**Your task:**
Where a line of the data holds the word "mxGraphModel", copy that line.

**Information:**
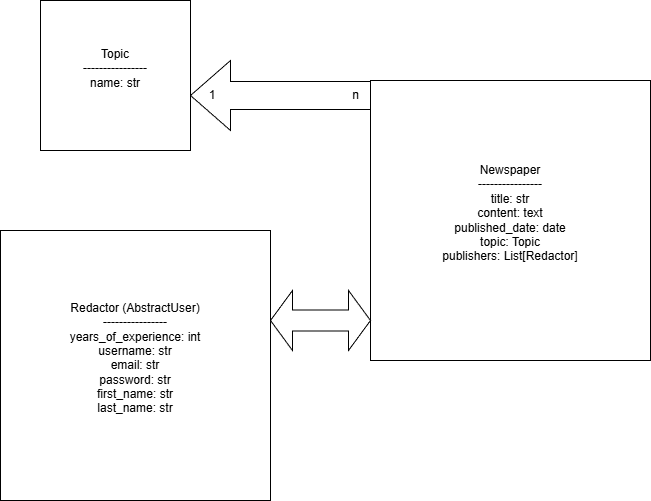

The diagram above was exported from draw.io. Its source (the exported page's mxGraphModel, read from the mxfile embedded in the PNG):
<mxGraphModel dx="1426" dy="751" grid="1" gridSize="10" guides="1" tooltips="1" connect="1" arrows="1" fold="1" page="1" pageScale="1" pageWidth="827" pageHeight="1169" math="0" shadow="0">
  <root>
    <mxCell id="0" />
    <mxCell id="1" parent="0" />
    <mxCell id="ufdOSANpDSchvdfBgI9W-1" parent="1" style="whiteSpace=wrap;html=1;aspect=fixed;" value="&lt;div&gt;Redactor (AbstractUser)&lt;/div&gt;&lt;div&gt;----------------&lt;/div&gt;&lt;div&gt;years_of_experience: int&lt;/div&gt;&lt;div&gt;username: str&lt;/div&gt;&lt;div&gt;email: str&lt;/div&gt;&lt;div&gt;password: str&lt;/div&gt;&lt;div&gt;first_name: str&lt;/div&gt;&lt;div&gt;last_name: str&lt;/div&gt;&lt;div&gt;&lt;br&gt;&lt;/div&gt;" vertex="1">
      <mxGeometry height="270" width="270" x="90" y="500" as="geometry" />
    </mxCell>
    <mxCell id="ufdOSANpDSchvdfBgI9W-2" parent="1" style="whiteSpace=wrap;html=1;aspect=fixed;" value="&lt;div&gt;&lt;div&gt;Topic&lt;/div&gt;&lt;div&gt;----------------&lt;/div&gt;&lt;div&gt;name: str&lt;/div&gt;&lt;/div&gt;&lt;div&gt;&lt;br&gt;&lt;/div&gt;" vertex="1">
      <mxGeometry height="150" width="150" x="130" y="270" as="geometry" />
    </mxCell>
    <mxCell id="ufdOSANpDSchvdfBgI9W-3" parent="1" style="whiteSpace=wrap;html=1;aspect=fixed;" value="&lt;div&gt;&lt;div&gt;Newspaper&lt;/div&gt;&lt;div&gt;----------------&lt;/div&gt;&lt;div&gt;title: str&lt;/div&gt;&lt;div&gt;content: text&lt;/div&gt;&lt;div&gt;published_date: date&lt;/div&gt;&lt;div&gt;topic: Topic&lt;/div&gt;&lt;div&gt;publishers: List[Redactor]&lt;/div&gt;&lt;/div&gt;&lt;div&gt;&lt;br&gt;&lt;/div&gt;" vertex="1">
      <mxGeometry height="280" width="280" x="460" y="350" as="geometry" />
    </mxCell>
    <mxCell id="ufdOSANpDSchvdfBgI9W-4" parent="1" style="html=1;shadow=0;dashed=0;align=center;verticalAlign=middle;shape=mxgraph.arrows2.arrow;dy=0.6;dx=40;flipH=1;notch=0;" value="&amp;nbsp; 1&amp;nbsp; &amp;nbsp; &amp;nbsp; &amp;nbsp; &amp;nbsp; &amp;nbsp; &amp;nbsp; &amp;nbsp; &amp;nbsp; &amp;nbsp; &amp;nbsp; &amp;nbsp; &amp;nbsp; &amp;nbsp; &amp;nbsp; &amp;nbsp; &amp;nbsp; &amp;nbsp; &amp;nbsp; &amp;nbsp; &amp;nbsp;n" vertex="1">
      <mxGeometry height="70" width="180" x="280" y="330" as="geometry" />
    </mxCell>
    <mxCell id="ufdOSANpDSchvdfBgI9W-9" parent="1" style="html=1;shadow=0;dashed=0;align=center;verticalAlign=middle;shape=mxgraph.arrows2.twoWayArrow;dy=0.65;dx=22;" value="" vertex="1">
      <mxGeometry height="60" width="100" x="360" y="560" as="geometry" />
    </mxCell>
  </root>
</mxGraphModel>

**The answer:**
The diagram above was exported from draw.io. Its source (the exported page's mxGraphModel, read from the mxfile embedded in the PNG):
<mxGraphModel dx="1426" dy="751" grid="1" gridSize="10" guides="1" tooltips="1" connect="1" arrows="1" fold="1" page="1" pageScale="1" pageWidth="827" pageHeight="1169" math="0" shadow="0">
</mxGraphModel>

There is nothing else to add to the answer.